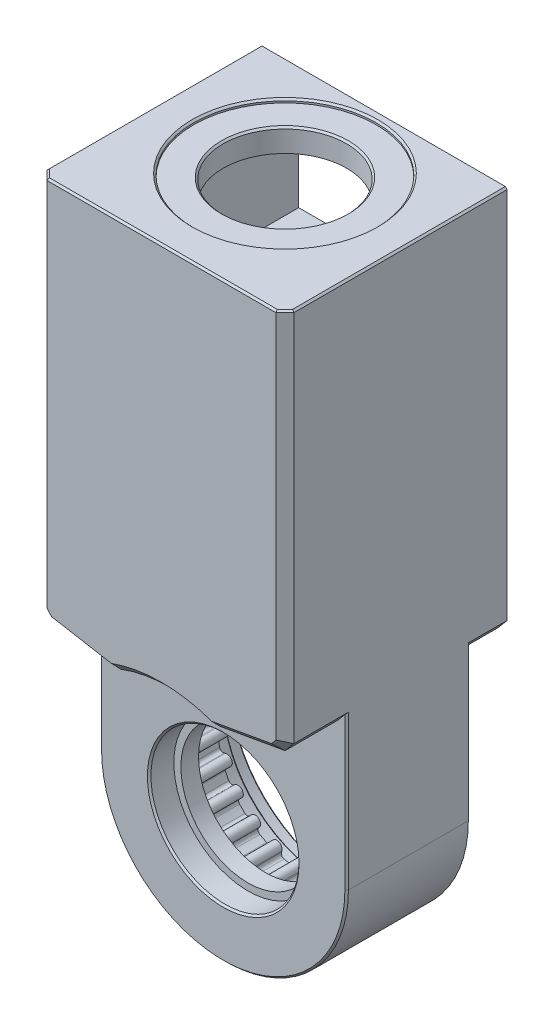
from build123d import *

# Parameters (mm, degrees)
SKIZZE1_W                       = 31.75
SKIZZE1_H                       = 17.5
SCHNITT_LINEAR_AUSTRAGEN1_DEPTH = 49.191026136
VERRUNDUNG1_R                   = 1
AUFSATZ_LINEAR_START            = 12
SKIZZE13_R                      = 31.75
SKIZZE13_R_2                    = 21
AUFSATZ_LINEAR_AUSTRAGEN1_DEPTH = 12
AUFSATZ_LINEAR_START_2          = -5
SKIZZE14_R                      = 21
SKIZZE14_R_2                    = 19
AUFSATZ_LINEAR_AUSTRAGEN2_DEPTH = 5
SKETCH3_R                       = 32.75
SKETCH3_R_2                     = 31.75
BOSS_EXTRUDE2_DEPTH             = 29.5
BOSS_EXTRUDE3_DEPTH             = 5.5
BOSS_EXTRUDE3_DEPTH_BACK        = 29.5
SKETCH4_R                       = 35
SKETCH4_R_2                     = 32.75
BOSS_EXTRUDE4_DEPTH             = 17.5
BOSS_EXTRUDE4_DEPTH_BACK        = 52.5
CUT_EXTRUDE2_DEPTH              = 158.955689989
CUT_EXTRUDE2_DEPTH_BACK         = 23.6
SKETCH7_W                       = 47.2
SKETCH7_H                       = 61
SKETCH7_W_2                     = 22.2
SKETCH7_H_2                     = 10
CUT_EXTRUDE3_START              = -7
CUT_EXTRUDE3_DEPTH              = 7
F_2_5MM_CHAMFER1_SIZE           = 2.5
F_0_5MM_CHAMFER2_SIZE           = 0.5


with BuildPart() as part:
    # Skizze1 → Rotation1 (revolve)
    with BuildSketch(Plane.XZ, mode=Mode.PRIVATE) as rotation1_sk:
        with Locations((15.875, 1.63167539)):
            Rectangle(SKIZZE1_W, SKIZZE1_H)
    revolve(rotation1_sk.sketch.rotate(Axis((0, 0, 10.38167539), (0, 0, -1)), 180), axis=Axis((0, 0, 10.38167539), (0, 0, -1)))

    # Skizze2 → Schnitt-Linear austragen1 (cut, through all)
    with BuildSketch(Plane.XY.offset(10.38167539)):
        with BuildLine():
            ThreePointArc((1.5, 22), (0, 20.5), (-1.5, 22))
            Line((-1.5, 22), (-1.5, 23.452078799))
            ThreePointArc((-1.5, 23.452078799), (-3.676209928, 23.210676004), (-5.820506128, 22.767777854))
            Line((-5.820506128, 22.767777854), (-5.371789102, 21.38676885))
            ThreePointArc((-5.371789102, 21.38676885), (-5.316841365, 21.157895056), (-5.298373876, 20.923243358))
            ThreePointArc((-5.298373876, 20.923243358), (-6.563722179, 19.441710848), (-8.224958651, 20.459717867))
            Line((-8.224958651, 20.459717867), (-8.673675677, 21.840726871))
            ThreePointArc((-8.673675677, 21.840726871), (-10.668776744, 20.938653318), (-12.571260562, 19.85480818))
            Line((-12.571260562, 19.85480818), (-11.717750059, 18.680051755))
            ThreePointArc((-11.717750059, 18.680051755), (-11.504690776, 18.261899368), (-11.43127555, 17.798373876))
            ThreePointArc((-11.43127555, 17.798373876), (-12.467750059, 16.371789102), (-14.144801042, 16.916695998))
            Line((-14.144801042, 16.916695998), (-14.998311545, 18.091452423))
            ThreePointArc((-14.998311545, 18.091452423), (-16.617009358, 16.617009358), (-18.091452423, 14.998311545))
            Line((-18.091452423, 14.998311545), (-16.916695998, 14.144801042))
            ThreePointArc((-16.916695998, 14.144801042), (-16.46186409, 13.6122613), (-16.298373876, 12.93127555))
            ThreePointArc((-16.298373876, 12.93127555), (-17.117388127, 11.594765764), (-18.680051755, 11.717750059))
            Line((-18.680051755, 11.717750059), (-19.85480818, 12.571260562))
            ThreePointArc((-19.85480818, 12.571260562), (-20.938653318, 10.668776744), (-21.840726871, 8.673675677))
            Line((-21.840726871, 8.673675677), (-20.459717867, 8.224958651))
            ThreePointArc((-20.459717867, 8.224958651), (-19.709717867, 7.680051755), (-19.423243358, 6.798373876))
            ThreePointArc((-19.423243358, 6.798373876), (-20.04156548, 5.584848385), (-21.38676885, 5.371789102))
            Line((-21.38676885, 5.371789102), (-22.767777854, 5.820506128))
            ThreePointArc((-22.767777854, 5.820506128), (-23.210676004, 3.676209928), (-23.452078799, 1.5))
            Line((-23.452078799, 1.5), (-22, 1.5))
            ThreePointArc((-22, 1.5), (-20.939339828, 1.060660172), (-20.5, 0))
            ThreePointArc((-20.5, 0), (-20.939339828, -1.060660172), (-22, -1.5))
            Line((-22, -1.5), (-23.452078799, -1.5))
            ThreePointArc((-23.452078799, -1.5), (-23.210676004, -3.676209928), (-22.767777854, -5.820506128))
            Line((-22.767777854, -5.820506128), (-21.38676885, -5.371789102))
            ThreePointArc((-21.38676885, -5.371789102), (-20.04156548, -5.584848385), (-19.423243358, -6.798373876))
            ThreePointArc((-19.423243358, -6.798373876), (-19.709717867, -7.680051755), (-20.459717867, -8.224958651))
            Line((-20.459717867, -8.224958651), (-21.840726871, -8.673675677))
            ThreePointArc((-21.840726871, -8.673675677), (-20.938653318, -10.668776744), (-19.85480818, -12.571260562))
            Line((-19.85480818, -12.571260562), (-18.680051755, -11.717750059))
            ThreePointArc((-18.680051755, -11.717750059), (-17.117388127, -11.594765764), (-16.298373876, -12.93127555))
            ThreePointArc((-16.298373876, -12.93127555), (-16.46186409, -13.6122613), (-16.916695998, -14.144801042))
            Line((-16.916695998, -14.144801042), (-18.091452423, -14.998311545))
            ThreePointArc((-18.091452423, -14.998311545), (-16.617009358, -16.617009358), (-14.998311545, -18.091452423))
            Line((-14.998311545, -18.091452423), (-14.144801042, -16.916695998))
            ThreePointArc((-14.144801042, -16.916695998), (-12.467750059, -16.371789102), (-11.43127555, -17.798373876))
            ThreePointArc((-11.43127555, -17.798373876), (-11.504690776, -18.261899368), (-11.717750059, -18.680051755))
            Line((-11.717750059, -18.680051755), (-12.571260562, -19.85480818))
            ThreePointArc((-12.571260562, -19.85480818), (-10.668776744, -20.938653318), (-8.673675677, -21.840726871))
            Line((-8.673675677, -21.840726871), (-8.224958651, -20.459717867))
            ThreePointArc((-8.224958651, -20.459717867), (-6.563722179, -19.441710848), (-5.298373876, -20.923243358))
            ThreePointArc((-5.298373876, -20.923243358), (-5.316841365, -21.157895056), (-5.371789102, -21.38676885))
            Line((-5.371789102, -21.38676885), (-5.820506128, -22.767777854))
            ThreePointArc((-5.820506128, -22.767777854), (-3.676209928, -23.210676004), (-1.5, -23.452078799))
            Line((-1.5, -23.452078799), (-1.5, -22))
            ThreePointArc((-1.5, -22), (0, -20.5), (1.5, -22))
            Line((1.5, -22), (1.5, -23.452078799))
            ThreePointArc((1.5, -23.452078799), (3.676209928, -23.210676004), (5.820506128, -22.767777854))
            Line((5.820506128, -22.767777854), (5.371789102, -21.38676885))
            ThreePointArc((5.371789102, -21.38676885), (6.334848385, -19.496658584), (8.224958651, -20.459717867))
            Line((8.224958651, -20.459717867), (8.673675677, -21.840726871))
            ThreePointArc((8.673675677, -21.840726871), (10.668776744, -20.938653318), (12.571260562, -19.85480818))
            Line((12.571260562, -19.85480818), (11.717750059, -18.680051755))
            ThreePointArc((11.717750059, -18.680051755), (12.049597672, -16.584848385), (14.144801042, -16.916695998))
            Line((14.144801042, -16.916695998), (14.998311545, -18.091452423))
            ThreePointArc((14.998311545, -18.091452423), (16.617009358, -16.617009358), (18.091452423, -14.998311545))
            Line((18.091452423, -14.998311545), (16.916695998, -14.144801042))
            ThreePointArc((16.916695998, -14.144801042), (16.584848385, -12.049597672), (18.680051755, -11.717750059))
            Line((18.680051755, -11.717750059), (19.85480818, -12.571260562))
            ThreePointArc((19.85480818, -12.571260562), (20.938653318, -10.668776744), (21.840726871, -8.673675677))
            Line((21.840726871, -8.673675677), (20.459717867, -8.224958651))
            ThreePointArc((20.459717867, -8.224958651), (19.496658584, -6.334848385), (21.38676885, -5.371789102))
            Line((21.38676885, -5.371789102), (22.767777854, -5.820506128))
            ThreePointArc((22.767777854, -5.820506128), (23.210676004, -3.676209928), (23.452078799, -1.5))
            Line((23.452078799, -1.5), (22, -1.5))
            ThreePointArc((22, -1.5), (20.5, 0), (22, 1.5))
            Line((22, 1.5), (23.452078799, 1.5))
            ThreePointArc((23.452078799, 1.5), (23.210676004, 3.676209928), (22.767777854, 5.820506128))
            Line((22.767777854, 5.820506128), (21.38676885, 5.371789102))
            ThreePointArc((21.38676885, 5.371789102), (19.496658584, 6.334848385), (20.459717867, 8.224958651))
            Line((20.459717867, 8.224958651), (21.840726871, 8.673675677))
            ThreePointArc((21.840726871, 8.673675677), (20.938653318, 10.668776744), (19.85480818, 12.571260562))
            Line((19.85480818, 12.571260562), (18.680051755, 11.717750059))
            ThreePointArc((18.680051755, 11.717750059), (16.584848385, 12.049597672), (16.916695998, 14.144801042))
            Line((16.916695998, 14.144801042), (18.091452423, 14.998311545))
            ThreePointArc((18.091452423, 14.998311545), (16.617009358, 16.617009358), (14.998311545, 18.091452423))
            Line((14.998311545, 18.091452423), (14.144801042, 16.916695998))
            ThreePointArc((14.144801042, 16.916695998), (12.049597672, 16.584848385), (11.717750059, 18.680051755))
            Line((11.717750059, 18.680051755), (12.571260562, 19.85480818))
            ThreePointArc((12.571260562, 19.85480818), (10.668776744, 20.938653318), (8.673675677, 21.840726871))
            Line((8.673675677, 21.840726871), (8.224958651, 20.459717867))
            ThreePointArc((8.224958651, 20.459717867), (6.334848385, 19.496658584), (5.371789102, 21.38676885))
            Line((5.371789102, 21.38676885), (5.820506128, 22.767777854))
            ThreePointArc((5.820506128, 22.767777854), (3.676209928, 23.210676004), (1.5, 23.452078799))
            Line((1.5, 23.452078799), (1.5, 22))
        make_face()
    extrude(amount=-SCHNITT_LINEAR_AUSTRAGEN1_DEPTH, mode=Mode.SUBTRACT)

    # Skizze3 → Schnitt-Rotation1 (revolve, cut)
    with BuildSketch(Plane(origin=(0, 0, 0), x_dir=(1, 0, 0), z_dir=(0, 1, 0))):
        Polygon((29, 7.11832461), (0, 7.11832461), (0, -0.38167539), (26.5, -0.38167539), (27, 0.11832461), (29, 0.11832461), align=None)
    revolve(axis=Axis((0, 0, -7.11832461), (0, 0, 1)), mode=Mode.SUBTRACT)

    # Verrundung1
    verrundung1_edges = [part.edges().sort_by_distance(p)[0] for p in [
        (-8.673675677, 21.840726871, 5.38167539),
        (-12.571260562, 19.85480818, 5.38167539),
        (-14.998311545, 18.091452423, 5.38167539),
        (-18.091452423, 14.998311545, 5.38167539),
        (-19.85480818, 12.571260562, 5.38167539),
        (-21.840726871, 8.673675677, 5.38167539),
        (-22.767777854, 5.820506128, 5.38167539),
        (-23.452078799, 1.5, 5.38167539),
        (-23.452078799, -1.5, 5.38167539),
        (-22.767777854, -5.820506128, 5.38167539),
        (-21.840726871, -8.673675677, 5.38167539),
        (-19.85480818, -12.571260562, 5.38167539),
        (-18.091452423, -14.998311545, 5.38167539),
        (-14.998311545, -18.091452423, 5.38167539),
        (-12.571260562, -19.85480818, 5.38167539),
        (-8.673675677, -21.840726871, 5.38167539),
        (-5.820506128, -22.767777854, 5.38167539),
        (-1.5, -23.452078799, 5.38167539),
        (1.5, -23.452078799, 5.38167539),
        (5.820506128, -22.767777854, 5.38167539),
        (8.673675677, -21.840726871, 5.38167539),
        (12.571260562, -19.85480818, 5.38167539),
        (14.998311545, -18.091452423, 5.38167539),
        (18.091452423, -14.998311545, 5.38167539),
        (19.85480818, -12.571260562, 5.38167539),
        (21.840726871, -8.673675677, 5.38167539),
        (22.767777854, -5.820506128, 5.38167539),
        (23.452078799, -1.5, 5.38167539),
        (23.452078799, 1.5, 5.38167539),
        (22.767777854, 5.820506128, 5.38167539),
        (21.840726871, 8.673675677, 5.38167539),
        (19.85480818, 12.571260562, 5.38167539),
        (18.091452423, 14.998311545, 5.38167539),
        (14.998311545, 18.091452423, 5.38167539),
        (12.571260562, 19.85480818, 5.38167539),
        (8.673675677, 21.840726871, 5.38167539),
        (5.820506128, 22.767777854, 5.38167539),
        (1.5, 23.452078799, 5.38167539),
        (-1.5, 23.452078799, 5.38167539),
        (-5.820506128, 22.767777854, 5.38167539),
    ]]
    fillet(verrundung1_edges, radius=VERRUNDUNG1_R)

    # Skizze13 → Aufsatz-Linear austragen1 (add)
    with BuildSketch(Plane.XY.offset(10.38167539).offset(AUFSATZ_LINEAR_START)):
        with Locations(Location((0, 0, 0), (0, 0, 180))):
            Circle(SKIZZE13_R)
        with Locations(Location((0, 0, 0), (0, 0, 182.980613219))):
            Circle(SKIZZE13_R_2, mode=Mode.SUBTRACT)
    extrude(amount=-AUFSATZ_LINEAR_AUSTRAGEN1_DEPTH)

    # Skizze14 → Aufsatz-Linear austragen2 (add)
    with BuildSketch(Plane(origin=(0, 0, 10.38167539), x_dir=(-1, 0, 0), z_dir=(0, 0, -1)).offset(AUFSATZ_LINEAR_START_2)):
        with Locations(Location((0, 0, 0), (0, 0, 180))):
            Circle(SKIZZE14_R)
        Circle(SKIZZE14_R_2, mode=Mode.SUBTRACT)
    extrude(amount=AUFSATZ_LINEAR_AUSTRAGEN2_DEPTH)

    # Sketch3 → Boss-Extrude2 (add, through all)
    with BuildSketch(Plane(origin=(0, 0, -7.11832461), x_dir=(-1, 0, 0), z_dir=(0, 0, -1))):
        Circle(SKETCH3_R)
        Circle(SKETCH3_R_2, mode=Mode.SUBTRACT)
    extrude(amount=-BOSS_EXTRUDE2_DEPTH)

    # Sketch4 → Boss-Extrude3 (add, two sides: drawn at the far end of the back side and taken through both)
    # profile 1 of 4: a face of its own
    with BuildSketch(Plane(origin=(0, 0, -7.11832461), x_dir=(-1, 0, 0), z_dir=(0, 0, -1)).offset(-BOSS_EXTRUDE3_DEPTH_BACK)):
        Circle(SKETCH4_R)
        Circle(SKETCH4_R_2, mode=Mode.SUBTRACT)
    # profile 2 of 4: a face of its own
    with BuildSketch(Plane(origin=(0, 0, -7.11832461), x_dir=(-1, 0, 0), z_dir=(0, 0, -1)).offset(-BOSS_EXTRUDE3_DEPTH_BACK)):
        with BuildLine():
            ThreePointArc((-32.75, 0), (0, 32.75), (32.75, 0))
            Line((32.75, 0), (35, 0))
            ThreePointArc((35, 0), (0, 35), (-35, 0))
            Line((-35, 0), (-32.75, 0))
        make_face()
    # profile 3 of 4: a face of its own
    with BuildSketch(Plane(origin=(0, 0, -7.11832461), x_dir=(-1, 0, 0), z_dir=(0, 0, -1)).offset(-BOSS_EXTRUDE3_DEPTH_BACK)):
        with BuildLine():
            Line((35, 0), (32.75, 0))
            ThreePointArc((32.75, 0), (0, -32.75), (-32.75, 0))
            Line((-32.75, 0), (-35, 0))
            ThreePointArc((-35, 0), (0, -35), (35, 0))
        make_face()
    # profile 4 of 4: a face of its own
    with BuildSketch(Plane(origin=(0, 0, -7.11832461), x_dir=(-1, 0, 0), z_dir=(0, 0, -1)).offset(-BOSS_EXTRUDE3_DEPTH_BACK)):
        with BuildLine():
            ThreePointArc((-35, 0), (0, 35), (35, 0))
            Line((35, 0), (35, 150))
            Line((35, 150), (-35, 150))
            Line((-35, 150), (-35, 0))
        make_face()
    extrude(amount=BOSS_EXTRUDE3_DEPTH + BOSS_EXTRUDE3_DEPTH_BACK)

    # Sketch5 → Boss-Extrude4 (add, two sides: drawn at the far end of the back side and taken through both)
    with BuildSketch(Plane(origin=(0, 0, -12.61832461), x_dir=(-1, 0, 0), z_dir=(0, 0, -1)).offset(-BOSS_EXTRUDE4_DEPTH_BACK)):
        with BuildLine():
            Line((-32.537980617, 40.737323881), (-14.002564118, 37.469029853))
            ThreePointArc((-14.002564118, 37.469029853), (0, 40), (14.002564118, 37.469029853))
            Line((14.002564118, 37.469029853), (32.537980617, 40.737323881))
            Line((32.537980617, 40.737323881), (35, 43.671444325))
            Line((35, 43.671444325), (35, 150))
            Line((35, 150), (-35, 150))
            Line((-35, 150), (-35, 43.671444325))
            Line((-35, 43.671444325), (-32.537980617, 40.737323881))
        make_face()
    extrude(amount=BOSS_EXTRUDE4_DEPTH + BOSS_EXTRUDE4_DEPTH_BACK)

    # Sketch7 → Cut-Extrude2 (cut, two sides: drawn at the far end of the back side and taken through both)
    with BuildSketch(Plane(origin=(0, 0, 4.88167539), x_dir=(-1, 0, 0), z_dir=(0, 0, -1)).offset(-CUT_EXTRUDE2_DEPTH_BACK)):
        with Locations((0, 75.5)):
            Rectangle(SKETCH7_W, SKETCH7_H)
        with Locations((0, 111)):
            Rectangle(SKETCH7_W_2, SKETCH7_H_2)
        Polygon((-23.6, 116), (-11.1, 116), (11.1, 116), (23.6, 116), (23.6, 140), (-23.6, 140), align=None)
    extrude(amount=CUT_EXTRUDE2_DEPTH + CUT_EXTRUDE2_DEPTH_BACK, mode=Mode.SUBTRACT)

    # Sketch10 → Cut-Revolve1 (revolve, cut)
    with BuildSketch(Plane.XY.offset(4.88167539), mode=Mode.PRIVATE) as cut_revolve1_sk:
        Polygon((25.85, 150), (0, 150), (0, 140), (21, 140), (21, 142), (19.5, 142), (19.5, 142.5), (17.5, 142.5), (17.5, 149), (25.85, 149), align=None)
    revolve(cut_revolve1_sk.sketch.rotate(Axis((0, 150, 4.88167539), (0, -1, 0)), 180), axis=Axis((0, 150, 4.88167539), (0, -1, 0)), mode=Mode.SUBTRACT)

    # Sketch11 → Cut-Extrude3 (cut)
    with BuildSketch(Plane(origin=(0, 0, -30.11832461), x_dir=(-1, 0, 0), z_dir=(0, 0, -1)).offset(CUT_EXTRUDE3_START)):
        with BuildLine():
            Line((14.002564118, 37.469029853), (32.537980617, 40.737323881))
            Line((32.537980617, 40.737323881), (35, 43.671444325))
            Line((35, 43.671444325), (35, 150))
            Line((35, 150), (-35, 150))
            Line((-35, 150), (-35, 43.671444325))
            Line((-35, 43.671444325), (-32.537980617, 40.737323881))
            Line((-32.537980617, 40.737323881), (-14.002564118, 37.469029853))
            ThreePointArc((-14.002564118, 37.469029853), (0, 40), (14.002564118, 37.469029853))
        make_face()
    extrude(amount=CUT_EXTRUDE3_DEPTH, mode=Mode.SUBTRACT)

    # 2,5mm Chamfer1
    f_2_5mm_chamfer1_edges = [part.edges().sort_by_distance(p)[0] for p in [
        (-23.270272368, 39.103176867, 39.88167539),
        (-33.768990309, 42.204384103, 39.88167539),
        (-35, 96.835722162, 39.88167539),
        (35, 96.835722162, 39.88167539),
        (0, 40, 39.88167539),
        (23.270272368, 39.103176867, 39.88167539),
        (33.768990309, 42.204384103, 39.88167539),
    ]]
    chamfer(f_2_5mm_chamfer1_edges, length=F_2_5MM_CHAMFER1_SIZE)

    # 0,5mm Chamfer2
    f_0_5mm_chamfer2_edges = [part.edges().sort_by_distance(p)[0] for p in [
        (35, 150, 7.13167539),
        (0, 150, 39.88167539),
        (-35, 150, 7.13167539),
        (-33.75, 150, 38.63167539),
        (33.75, 150, 38.63167539),
        (-29, 0, -7.11832461),
        (20.971590909, 1.09195913, 22.38167539),
        (0, -35, 22.38167539),
        (35, 21.835722162, -12.61832461),
        (32.75, 0, -12.61832461),
        (-35, 21.835722162, 22.38167539),
        (35, 21.835722162, 22.38167539),
        (0, -35, -12.61832461),
        (-35, 21.835722162, -12.61832461),
        (11.1, 106, 2.68167539),
        (11.1, 116, 2.68167539),
        (-11.1, 116, 2.68167539),
        (-11.1, 106, 2.68167539),
        (25.85, 150, 4.88167539),
        (21, 140, 4.88167539),
        (17.5, 149, 4.88167539),
        (-17.35, 106, -23.11832461),
        (-23.6, 128, -23.11832461),
        (0, 140, -23.11832461),
        (11.1, 111, -23.11832461),
        (17.35, 106, -23.11832461),
        (23.6, 75.5, -23.11832461),
        (-23.6, 75.5, -23.11832461),
        (0, 45, -23.11832461),
        (17.35, 116, -23.11832461),
        (23.6, 128, -23.11832461),
        (-17.35, 116, -23.11832461),
        (-11.1, 111, -23.11832461),
    ]]
    chamfer(f_0_5mm_chamfer2_edges, length=F_0_5MM_CHAMFER2_SIZE)


solid = part.part

○ ○ ○

Brief: Across the data, find each line that has "axis" in it and copy that line.

Response area:
    revolve(rotation1_sk.sketch.rotate(Axis((0, 0, 10.38167539), (0, 0, -1)), 180), axis=Axis((0, 0, 10.38167539), (0, 0, -1)))
    revolve(axis=Axis((0, 0, -7.11832461), (0, 0, 1)), mode=Mode.SUBTRACT)
    revolve(cut_revolve1_sk.sketch.rotate(Axis((0, 150, 4.88167539), (0, -1, 0)), 180), axis=Axis((0, 150, 4.88167539), (0, -1, 0)), mode=Mode.SUBTRACT)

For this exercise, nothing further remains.